Any other suggests are more them welcomed, especially if you have positive experience with the breeders and dogs. We are up to any breeder within driving distance (6hrs from MA), as we would rather not have a puppy shipped. 

Thank you!!!


----------



## JeanKBBMMMAAN (May 11, 2005)

There is a post that I will find here it is Making Recommendations about evaluating and understanding recommendations that people give. Then you also need to evaluate on your own if you like the way the breeder deals with their dogs for their lifetime - there are some good role models on this board. 








I am always looking at different rescue sites and had been on gsrne.org earlier and saw this baby there. 

I would be looking for a female regardless.


----------



## eddie1976E (Nov 7, 2010)

During my search I looked at several NE breeders. I talked to Ryanhaus and felt the breeder was trustworthy and would have got a puppy from them, but the timing was not right. Ultimately I went with another breeder much farther away. I would consider Ryanhaus again.


----------



## holland (Jan 11, 2009)

that rescue is gorgeous


----------



## John C. (Mar 6, 2013)

Hi, I was in the same position you are about 10 months ago. I did a fair amount of research, got recommendations from people on this board, and eventually ended up with a list of 4-5 breeders I was interested in. In addition to Olympia and Ryanhaus, which you already have on your list, I either spoke with or exchanged e-mails with the owners of Von hena C, Abby Kennels and Kavallerie (working line) and Traumhoff (show line). I'd suggest you at least visit their websites to see if you like the descriptions of their breeding programs and goals. Once you've narrowed your list down to a couple of breeders there really is no substitute for actually visiting the kennels themselves, speaking with the breeders and having a chance to meet the parents of your potential puppy. 

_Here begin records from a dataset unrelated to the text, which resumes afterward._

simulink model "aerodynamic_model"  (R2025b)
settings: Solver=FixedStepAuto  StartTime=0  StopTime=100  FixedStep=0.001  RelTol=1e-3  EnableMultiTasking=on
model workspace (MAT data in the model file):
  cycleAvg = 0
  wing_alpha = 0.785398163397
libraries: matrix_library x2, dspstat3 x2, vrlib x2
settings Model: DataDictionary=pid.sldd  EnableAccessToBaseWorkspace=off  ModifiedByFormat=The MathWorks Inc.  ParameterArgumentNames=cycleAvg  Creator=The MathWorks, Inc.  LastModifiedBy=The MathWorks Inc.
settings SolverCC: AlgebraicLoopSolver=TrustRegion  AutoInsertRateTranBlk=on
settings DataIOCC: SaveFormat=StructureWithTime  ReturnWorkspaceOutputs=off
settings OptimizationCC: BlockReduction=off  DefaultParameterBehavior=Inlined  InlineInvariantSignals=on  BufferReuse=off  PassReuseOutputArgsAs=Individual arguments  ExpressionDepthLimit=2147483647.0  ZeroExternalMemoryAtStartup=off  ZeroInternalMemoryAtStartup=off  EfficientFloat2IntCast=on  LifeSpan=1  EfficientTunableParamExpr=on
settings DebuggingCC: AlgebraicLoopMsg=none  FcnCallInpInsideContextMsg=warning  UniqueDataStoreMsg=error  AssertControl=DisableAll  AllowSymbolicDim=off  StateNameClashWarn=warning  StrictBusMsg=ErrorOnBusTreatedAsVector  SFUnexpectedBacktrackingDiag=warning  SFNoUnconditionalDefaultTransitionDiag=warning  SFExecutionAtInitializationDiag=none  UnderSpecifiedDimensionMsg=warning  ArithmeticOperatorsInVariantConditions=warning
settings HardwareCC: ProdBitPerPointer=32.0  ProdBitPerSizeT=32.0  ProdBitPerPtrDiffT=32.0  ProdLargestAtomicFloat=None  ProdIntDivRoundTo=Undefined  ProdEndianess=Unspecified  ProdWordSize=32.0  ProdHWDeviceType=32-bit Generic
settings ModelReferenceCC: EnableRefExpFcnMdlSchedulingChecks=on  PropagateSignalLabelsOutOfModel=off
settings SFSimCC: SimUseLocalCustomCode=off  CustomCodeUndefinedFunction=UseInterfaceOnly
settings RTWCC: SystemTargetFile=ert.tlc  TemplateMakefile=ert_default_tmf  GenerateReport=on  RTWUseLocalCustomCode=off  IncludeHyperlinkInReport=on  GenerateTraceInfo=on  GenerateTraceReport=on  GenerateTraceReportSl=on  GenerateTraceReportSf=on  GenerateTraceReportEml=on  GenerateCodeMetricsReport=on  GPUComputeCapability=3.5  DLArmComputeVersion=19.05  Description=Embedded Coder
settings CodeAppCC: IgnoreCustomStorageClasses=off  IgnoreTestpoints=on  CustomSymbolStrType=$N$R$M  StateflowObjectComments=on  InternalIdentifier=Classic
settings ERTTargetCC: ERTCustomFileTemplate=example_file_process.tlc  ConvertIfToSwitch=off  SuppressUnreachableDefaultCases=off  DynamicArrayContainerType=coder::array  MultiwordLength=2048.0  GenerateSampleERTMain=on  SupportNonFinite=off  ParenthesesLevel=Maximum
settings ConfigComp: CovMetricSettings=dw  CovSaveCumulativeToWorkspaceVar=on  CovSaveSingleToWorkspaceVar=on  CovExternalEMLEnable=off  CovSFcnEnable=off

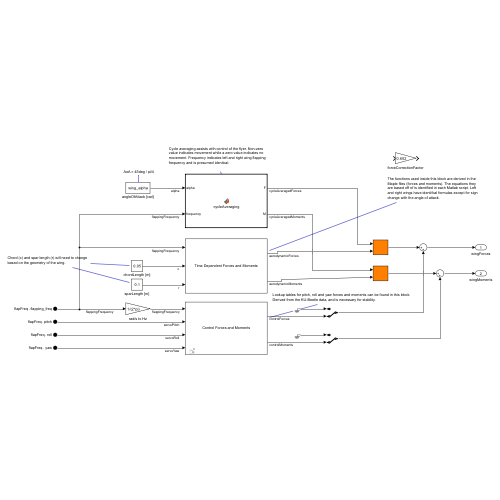
[thumbnail: Simulink's stored preview of the top-level diagram]
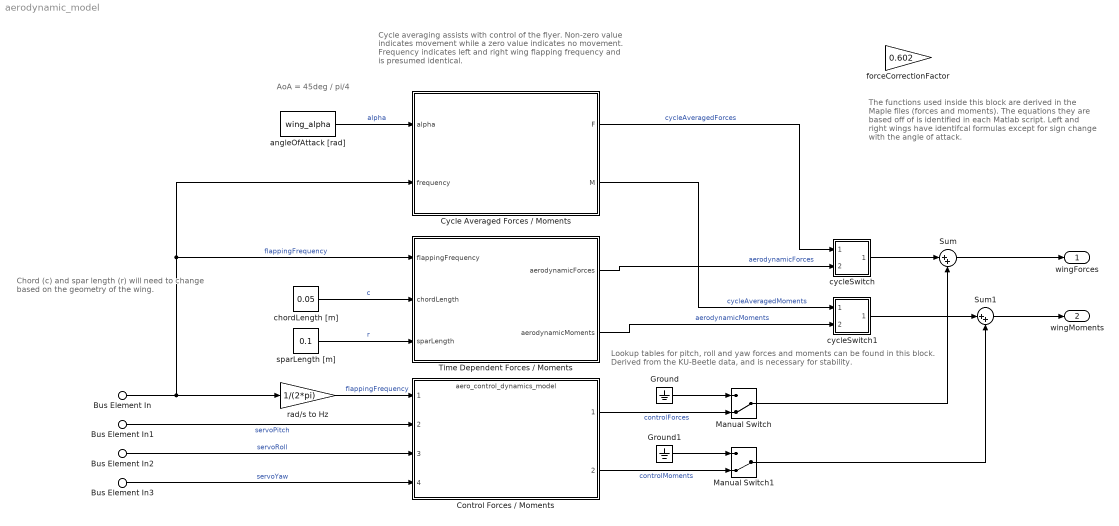
== system aerodynamic_model ==
  note: AoA = 45deg / pi/4
  note: Chord (c) and spar length (r) will need to change
      | based on the geometry of the wing.
  note: Lookup tables for pitch, roll and yaw forces and moments can be found in this block.
      | Derived from the KU-Beetle data, and is necessary for stability.
  note: Cycle averaging assists with control of the flyer. Non-zero
      | value indicates movement while a zero value indicates no
      | movement. Frequency indicates left and right wing flapping
      | frequency and is presumed identical.
  note: The functions used inside this block are derived in the
      | Maple files (forces and moments). The equations they
      | are based off of is identified in each Matlab script. Left
      | and right wings have identifcal formulas except for sign
      | change with the angle of attack.
  Bus Element In : Inport  PortName=flapFreq  Element=flapping_freq
  Bus Element In1 : Inport  PortName=flapFreq  Element=pitch
  Bus Element In2 : Inport  PortName=flapFreq  Element=roll
  Bus Element In3 : Inport  PortName=flapFreq  Element=yaw
  Control Forces / Moments : ModelReference  ModelNameDialog=aero_control_dynamics_model.slx  SimulationMode=Normal  ModelReferenceVersion=10.4
      mask Display: disp('Control Forces and Moments');
  Cycle Averaged Forces / Moments : MATLAB Function  TreatAsAtomicUnit=on
  Ground : Ground
  Ground1 : Ground
  Manual Switch : ManualSwitch  CurrentSetting=0
  Manual Switch1 : ManualSwitch  CurrentSetting=0
  Sum : Sum  Inputs=|++
  Sum1 : Sum  Inputs=|++
  Time Dependent Forces / Moments : Subsystem
      mask Display: disp('Time Dependent Forces and Moments');
  angleOfAttack [rad] : Constant  Value=wing_alpha
  chordLength [m] : Constant  Value=0.05
  cycleSwitch : Subsystem
  cycleSwitch1 : Subsystem
  forceCorrectionFactor : Gain  Gain=0.602
  rad/s to Hz : Gain  Gain=1/(2*pi)
  sparLength [m] : Constant  Value=0.1
  wingForces : Outport  PortDimensions=3
  wingMoments : Outport  Port=2  PortDimensions=3
  wires:
  Bus Element In1/1 -> Control Forces / Moments/2  "servoPitch"
  Bus Element In2/1 -> Control Forces / Moments/3  "servoRoll"
  Bus Element In3/1 -> Control Forces / Moments/4  "servoYaw"
  rad/s to Hz/1 -> Control Forces / Moments/1  "flappingFrequency"
  Sum/1 -> wingForces/1
  Sum1/1 -> wingMoments/1
  Control Forces / Moments/1 -> Manual Switch/2  "controlForces"
  Manual Switch/1 -> Sum/2
  Ground/1 -> Manual Switch/1
  Control Forces / Moments/2 -> Manual Switch1/2  "controlMoments"
  Ground1/1 -> Manual Switch1/1
  Manual Switch1/1 -> Sum1/2
  Bus Element In/1 -> Cycle Averaged Forces / Moments/2(frequency), Time Dependent Forces / Moments/1(flappingFrequency), rad/s to Hz/1  "flappingFrequency"
  angleOfAttack [rad]/1 -> Cycle Averaged Forces / Moments/1(alpha)  "alpha"
  cycleSwitch/1(forces_out) -> Sum/1
  Cycle Averaged Forces / Moments/1(F) -> cycleSwitch/1(cycleAveragedForces_in)  "cycleAveragedForces"
  cycleSwitch1/1(forces_out) -> Sum1/1
  Cycle Averaged Forces / Moments/2(M) -> cycleSwitch1/1(cycleAveragedMoments_in)  "cycleAveragedMoments"
  chordLength [m]/1 -> Time Dependent Forces / Moments/2(chordLength)  "c"
  sparLength [m]/1 -> Time Dependent Forces / Moments/3(sparLength)  "r"
  Time Dependent Forces / Moments/1(aerodynamicForces) -> cycleSwitch/2(aerodynamicForces_in)  "aerodynamicForces"
  Time Dependent Forces / Moments/2(aerodynamicMoments) -> cycleSwitch1/2(aerodynamicMoments_in)  "aerodynamicMoments"

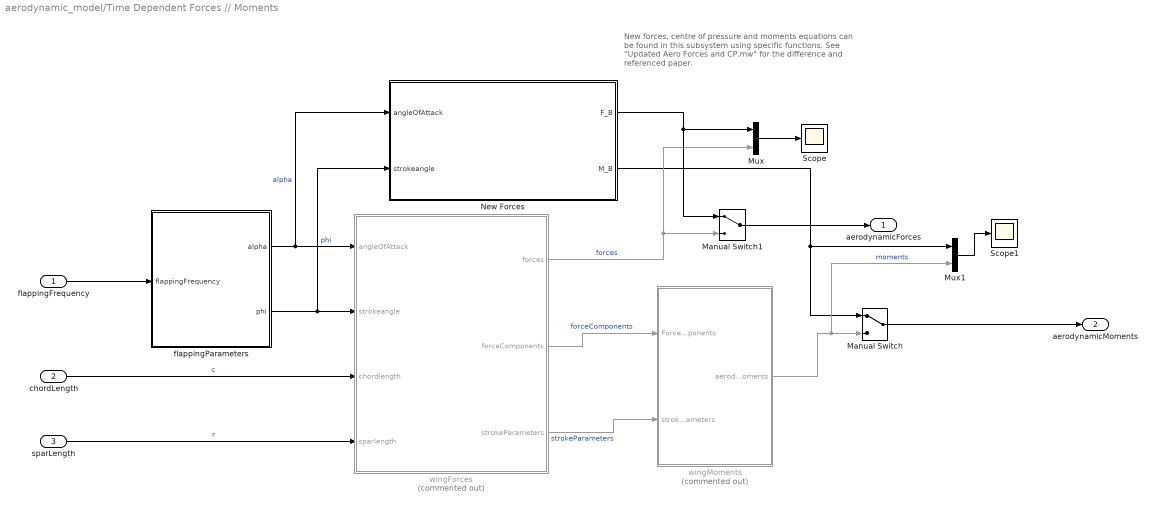
== system aerodynamic_model/Time Dependent Forces // Moments ==
  note: New forces, centre of pressure and moments equations
      | can be found in this subsystem using specific functions.
      | See "Updated Aero Forces and CP.mw" for the difference
      | and referenced paper.
  flappingFrequency : Inport
  chordLength : Inport  Port=2
  sparLength : Inport  Port=3
  Manual Switch : ManualSwitch
  Manual Switch1 : ManualSwitch
  Mux : Mux  Inputs=2
  Mux1 : Mux  Inputs=2
  New Forces : Subsystem
  Scope : Scope
      settings: ActiveDisplayYMinimum=-0.94327179185933741  ActiveDisplayYMaximum=0.98821929568078293  DataLoggingVariableName=ScopeData46
  Scope1 : Scope
      settings: ActiveDisplayYMinimum=-0.082162844612855668  ActiveDisplayYMaximum=0.0814690273769223  DataLoggingVariableName=ScopeData47
  flappingParameters : Subsystem
      mask Display: disp('Flapping Parameters');
  wingForces : Subsystem  Commented=on
      mask Display: disp('Wing Forces');
  wingMoments : Subsystem  Commented=on
      mask Display: disp('Wing Moments');
  aerodynamicForces : Outport
  aerodynamicMoments : Outport  Port=2
  wires:
  flappingParameters/1(alpha) -> New Forces/1(angleOfAttack), wingForces/1(angleOfAttack)  "alpha"
  chordLength/1 -> wingForces/3(chordlength)  "c"
  flappingFrequency/1 -> flappingParameters/1(flappingFrequency)
  flappingParameters/2(phi) -> New Forces/2(strokeangle), wingForces/2(strokeangle)  "phi"
  sparLength/1 -> wingForces/4(sparlength)  "r"
  wingForces/3(strokeParameters) -> wingMoments/2(strokeParameters)  "strokeParameters"
  wingForces/2(forceComponents) -> wingMoments/1(ForceComponents)  "forceComponents"
  New Forces/2(M_B) -> Manual Switch/1, Mux1/1
  Manual Switch/1 -> aerodynamicMoments/1
  wingMoments/1(aerodynamicMoments) -> Mux1/2, Manual Switch/2  "moments"
  Manual Switch1/1 -> aerodynamicForces/1
  wingForces/1(forces) -> Mux/2, Manual Switch1/2  "forces"
  New Forces/1(F_B) -> Mux/1, Manual Switch1/1
  Mux/1 -> Scope/1
  Mux1/1 -> Scope1/1

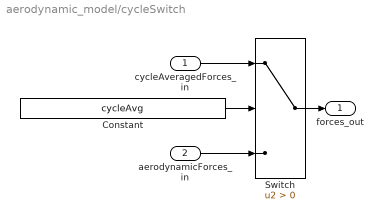
== system aerodynamic_model/cycleSwitch ==
  cycleAveragedForces_in : Inport
  aerodynamicForces_in : Inport  Port=2
  Constant : Constant  Value=cycleAvg
  Switch : Switch  Criteria=u2 > Threshold  SaturateOnIntegerOverflow=off  InputSameDT=off
  forces_out : Outport
  wires:
  Constant/1 -> Switch/2
  aerodynamicForces_in/1 -> Switch/3
  Switch/1 -> forces_out/1
  cycleAveragedForces_in/1 -> Switch/1

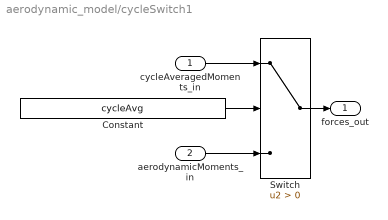
== system aerodynamic_model/cycleSwitch1 ==
  cycleAveragedMoments_in : Inport
  aerodynamicMoments_in : Inport  Port=2
  Constant : Constant  Value=cycleAvg
  Switch : Switch  Criteria=u2 > Threshold  SaturateOnIntegerOverflow=off  InputSameDT=off
  forces_out : Outport
  wires:
  Constant/1 -> Switch/2
  aerodynamicMoments_in/1 -> Switch/3
  Switch/1 -> forces_out/1
  cycleAveragedMoments_in/1 -> Switch/1

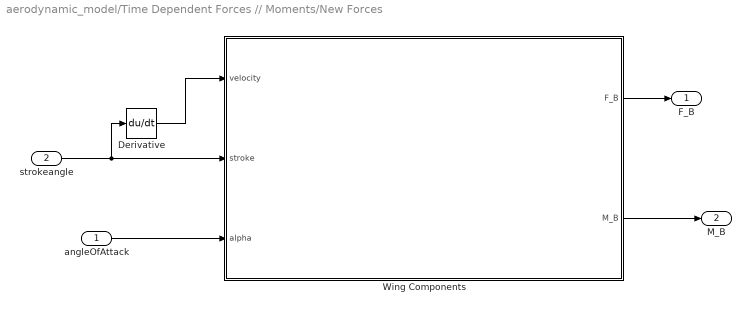
== system aerodynamic_model/Time Dependent Forces // Moments/New Forces ==
  angleOfAttack : Inport
  strokeangle : Inport  Port=2
  Derivative : Derivative
  Wing Components : Subsystem
  F_B : Outport
  M_B : Outport  Port=2
  wires:
  angleOfAttack/1 -> Wing Components/3(alpha)
  Derivative/1 -> Wing Components/1(velocity)
  strokeangle/1 -> Derivative/1, Wing Components/2(stroke)
  Wing Components/1(F_B) -> F_B/1
  Wing Components/2(M_B) -> M_B/1

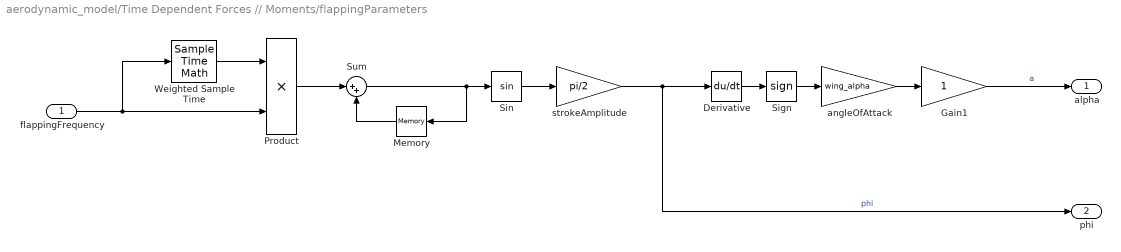
== system aerodynamic_model/Time Dependent Forces // Moments/flappingParameters ==
  flappingFrequency : Inport
  Derivative : Derivative
  Gain1 : Gain
  Memory : Memory
  Product : Product
  Sign : Signum
  Sin : Trigonometry
  Sum : Sum  Inputs=|++
  Weighted Sample Time : SampleTimeMath  TsampMathOp=Ts Only
  angleOfAttack : Gain  Gain=wing_alpha
  strokeAmplitude : Gain  Gain=pi/2
  alpha : Outport
  phi : Outport  Port=2
  wires:
  flappingFrequency/1 -> Product/2, Weighted Sample Time/1
  Product/1 -> Sum/1
  Weighted Sample Time/1 -> Product/1
  Memory/1 -> Sum/2
  Sin/1 -> strokeAmplitude/1
  angleOfAttack/1 -> Gain1/1
  Sum/1 -> Memory/1, Sin/1
  Sign/1 -> angleOfAttack/1
  Derivative/1 -> Sign/1
  strokeAmplitude/1 -> phi/1, Derivative/1  "phi"
  Gain1/1 -> alpha/1  "a"

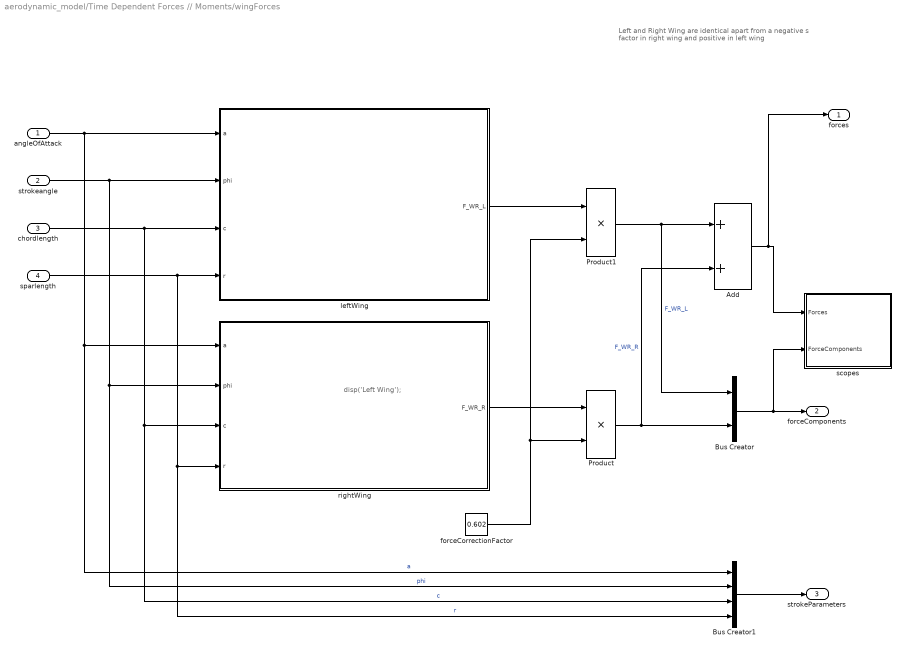
== system aerodynamic_model/Time Dependent Forces // Moments/wingForces ==
  note: Left and Right Wing are identical apart from a negative
      | s factor in right wing and positive in left wing
  note: disp('Left Wing');
  angleOfAttack : Inport
  strokeangle : Inport  Port=2
  chordlength : Inport  Port=3
  sparlength : Inport  Port=4
  Add : Sum
  Bus Creator : BusCreator  Inputs=2
  Bus Creator1 : BusCreator  Inputs=4
  Product : Product
  Product1 : Product
  forceCorrectionFactor : Constant  Value=0.602
  leftWing : Subsystem
      mask Display: disp('Left Wing');
  rightWing : Subsystem
      mask Display: disp('Right Wing');
  scopes : Subsystem
      mask Display: disp('Scopes');
  forces : Outport
  forceComponents : Outport  Port=2
  strokeParameters : Outport  Port=3
  wires:
  strokeangle/1 -> leftWing/2(phi), Bus Creator1/2, rightWing/2(phi)  "phi"
  angleOfAttack/1 -> Bus Creator1/1, rightWing/1(a), leftWing/1(a)  "a"
  Add/1 -> forces/1, scopes/1(Forces)
  chordlength/1 -> leftWing/3(c), Bus Creator1/3, rightWing/3(c)  "c"
  sparlength/1 -> leftWing/4(r), Bus Creator1/4, rightWing/4(r)  "r"
  Bus Creator/1 -> scopes/2(ForceComponents), forceComponents/1
  Product1/1 -> Add/1, Bus Creator/1  "F_WR_L"
  Product/1 -> Bus Creator/2, Add/2  "F_WR_R"
  leftWing/1(F_WR_L) -> Product1/1
  rightWing/1(F_WR_R) -> Product/1
  forceCorrectionFactor/1 -> Product1/2, Product/2
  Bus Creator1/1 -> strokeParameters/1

I ended up getting a puppy from Olympia kennels who is now almost 9 months old; and would be happy to answer any questions you might have about the pluses and minuses of my dog.

I also had several lengthy conversations with the owner of Ryanhaus kennels, who I was very impressed with, but have not met any of their dogs.

It might be helpful to other posters on this board (and potential breeders) if you could describe what you are looking for in a GSD. You mentioned doing nosework with one of your other dogs, would you want to do nosework with your GSD? Obedience? Schutzhund? Are you looking for a dog with strong prey drive - which might produce problems even if your cat is dog savvy? Do both of you work and would you plan on leaving your dog at home alone for 8-10 hrs a day? What kind of activity level can you tolerate from your dog? Some GSD's (including mine) need a lot of exercise every day and can have trouble settling down in the house.

Also, be aware that introducing an active (and mouthy) puppy into an existing multi-dog household can sometimes be challenging. (Ask me how I know ) You mentioned at least one of your dogs can be nervy with strangers. How is he with other dogs? Also I notice that you currently have two male dogs. That being the case, I think it might be best if you new puppy was female.


----------



## JakodaCD OA (May 14, 2000)

I agree with the rescue being gorgeous, if that was a "male", I'd be seriously going for 'him'


----------



## McIntoshMom (Jan 10, 2013)

Thank you so much for the feedback and advice! I was also advised to look at von Hena-c, and have been looking at their site, videos and searching the net for their dogs. 



JeanKBBMMMAAN said:


> I am always looking at different rescue sites and had been on gsrne.org earlier and saw this baby there.
> 
> I would be looking for a female regardless.


I love my two rescues, and would certainly rescue again in the future! I absolutely love mix breeds lol. There are a few reasons why we are looking at a breeder rather then a rescue, the main being our 2yr old male. We are looking for a confident dog, genetically sound with understanding of parent's temperaments and experiences. We want to have a better understanding of what we -might- be getting with temperament, and a person we can fall back on with years of experience raising their dogs. Of course, a puppy is always a mystery! But we want a puppy with a long background. Unlike our experience in rescues, that have always have unknown backgrounds. Just our current situation with our current dogs!  



eddie1976E said:


> During my search I looked at several NE breeders. I talked to Ryanhaus and felt the breeder was trustworthy and would have got a puppy from them, but the timing was not right. Ultimately I went with another breeder much farther away. I would consider Ryanhaus again.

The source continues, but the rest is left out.